Amongst Zitouni’s ripostes against the high school was the charge of “double speak” and the manner in which it publicly lauded Republican values and laïcité while accommodating and thus advocating the existence of Islamist currents in classroom and in the professor’s lounge. Such double-speak is also broadly representative of the bad faith laden within the discourse of much of the culturalist left where, for instance, following the November 18th anti-terrorist raids in St. Denis, the municipality’s mayor pled ignorance and remarked that St. Denis, hailed by Kepel as the Mecca of France, was a peaceful, multicultural banlieue, known for its great cultural diversity. Zitouni was pushed out of his post for his republicanism. He was pushed out of his post for his refusal to accept the overlapping of the religious and the political. He was pushed out because he pleaded for the blasphemed to tolerate the blasphemer and affirmed that cultural diversity must also be a political and intellectual diversity. His greatest error was his claiming of citizenship, derided by his detractors as “treason”. However, the cultivation of strong forms of equality, and paradoxically the possibility of religious pluralism, may require a bit of treason—the forging of a political community may require the betrayal of (but never completely) one’s class, race, religion, and myth of origins (and this goes for France as well).
3.4. Charlie Coulibaly
The Todd effect was more or less delimited to intellectual debate and the French mediasphere where, as is well known, elites reproduce themselves and attempt to direct the national conversation. However, the afterlives of January 11th were also typified by a host of underground voices and “dissident” fringes who shared Todd’s fundamental theses while reshaping their veracity and provocation. What set the Charlie Hebdo “events” apart from other tragedies was the degree to which their significance was informed by, not simply what happened at Place de la République, but also what happened in the public sphere of the digital world. Unlike the material public sphere, the world of cyber-forums and social media is one of anonymity, distance, and “enabling”. In these virtual folds, the ethical norms of embodied and face-to-face encounters are often dissolved. In the hashtag frenzy of Charlie Hebdo, one was therefore also plunged into various vindications for the terrorist acts, ranging from the complex of ambivalence connoted by #jenesuispascharlie to the fully fledged celebrations of how “they had it coming, they got what they deserved”, expressed in #jesuiscoulibaly/#jesuiskouachi. And beyond these readings was also ISIS’ own coding of the debate.
The attacks against
Charlie Hebdo were not simply acts of jihad designed to avenge the prophet, punish blaspheming “miscreants”, and bring the war for the new caliphate to Europe. They were also intended to exacerbate the already existing tensions between secular Europeans and Muslims with a view to laying the socio-affective foundations for a highly anticipated civil war. They were further motivated by the desire to establish an internal struggle within Islam which would purge the
ummah of moderate elements and those Muslims who adopted European values and protested against Salafism’s regressive tendencies. Stated otherwise, “Charlie” was also about redefining Islam. The specular double of
jihad is
fitna (see
Kepel 2004), the internal purging of the enemies of Islam.

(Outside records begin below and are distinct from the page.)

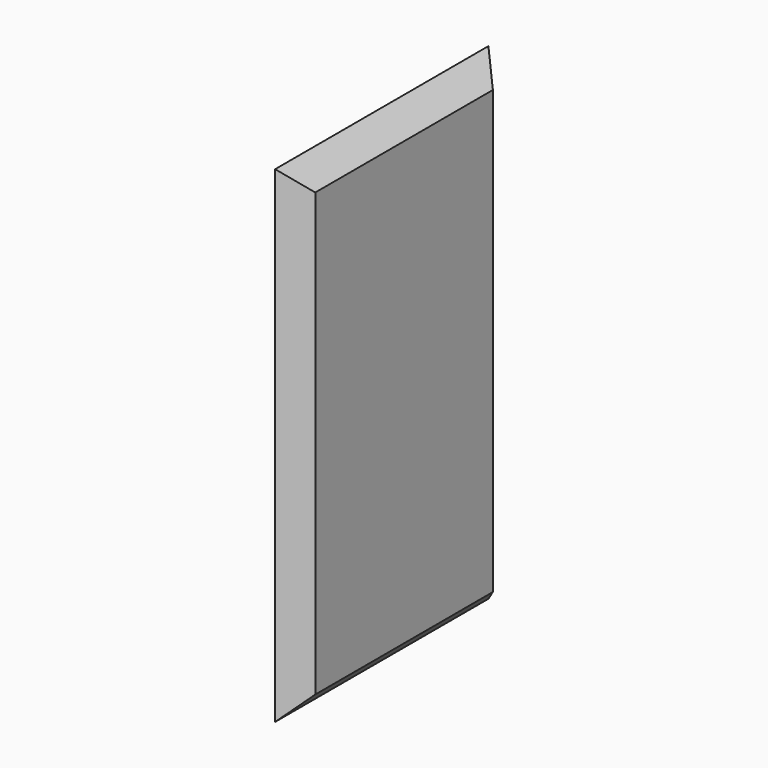
from build123d import *

# Parameters (mm, degrees)
F0_W     = 263
F0_H     = 480
F1_DEPTH = 22
F2_SIZE  = 21.99999


# Not quite as in the source:
# - a fillet or chamfer is up to 0.001 mm smaller than in the source, because OpenCascade refuses the exact size


with BuildPart() as f1:
    # F0 (on Right) → F1 (new body)
    with BuildSketch(Plane.YZ):
        Rectangle(F0_W, F0_H)
    extrude(amount=F1_DEPTH)

    # F2 (size 22 in the source; OpenCascade refuses exactly that, so slightly less here)
    f2_edges = [f1.edges().sort_by_distance(p)[0] for p in [
        (22, -131.5, 0),
        (22, 0, -240),
        (22, 131.5, 0),
        (22, 0, 240),
    ]]
    chamfer(f2_edges, length=F2_SIZE)


solid = f1.part

In the February 12th, 2015 edition of ISIS’ glossy “jihadology” rag,
Dabiq, one glimpses two elderly imams holding
Je suis Charlie signs, under which the caption reads: “From Hypocrisy to Apostasy: The Elimination of the Gray Zone”. Islam’s lack of central command is what informs the plurality of its religious practices, but it is simultaneously that which animates the drive, often paranoiac, to establish one definitive recension of the religion, one reading of the one book, and one dogma. An exercise in terror-porn,
Dabiq is a recruitment vehicle and also an ideological arm for
fitna, intended to organize the geopolitical arena into two well-defined camps and recode the social, political, and religious in terms of a cosmic war between the righteous and the infidels. And the infidels are also those Muslims who condemned the Charlie Hebdo attacks. After
Charlie,
the time had come for another event—magnified by the presence of the Khilāfah on the global stage—to further bring division to the world and destroy the grayzone everywhere. One of the first matters renounced by the hypocrites abandoning the grayzone and fleeing to the camp of apostasy and kufr after the operations in Paris is the clear-cut obligation to kill those who mock the Messenger (sallallāhu ‘alayhi wa sallam) … (to kill those) who raise banners and slogans with the words “Je Suis Charlie” on them. There is no doubt that such deeds are apostasy, that those who publicly call to such deeds in the name of Islam and scholarship are from the du’āt (callers) to apostasy, and that there is great reward awaiting the Muslim in the Hereafter if he kills these apostate imams …
Defenders of freedom of speech, regardless of their faiths, are dismissed
tout court as heretics who, lost in the gray zone, secretly defend the “satanic newspaper”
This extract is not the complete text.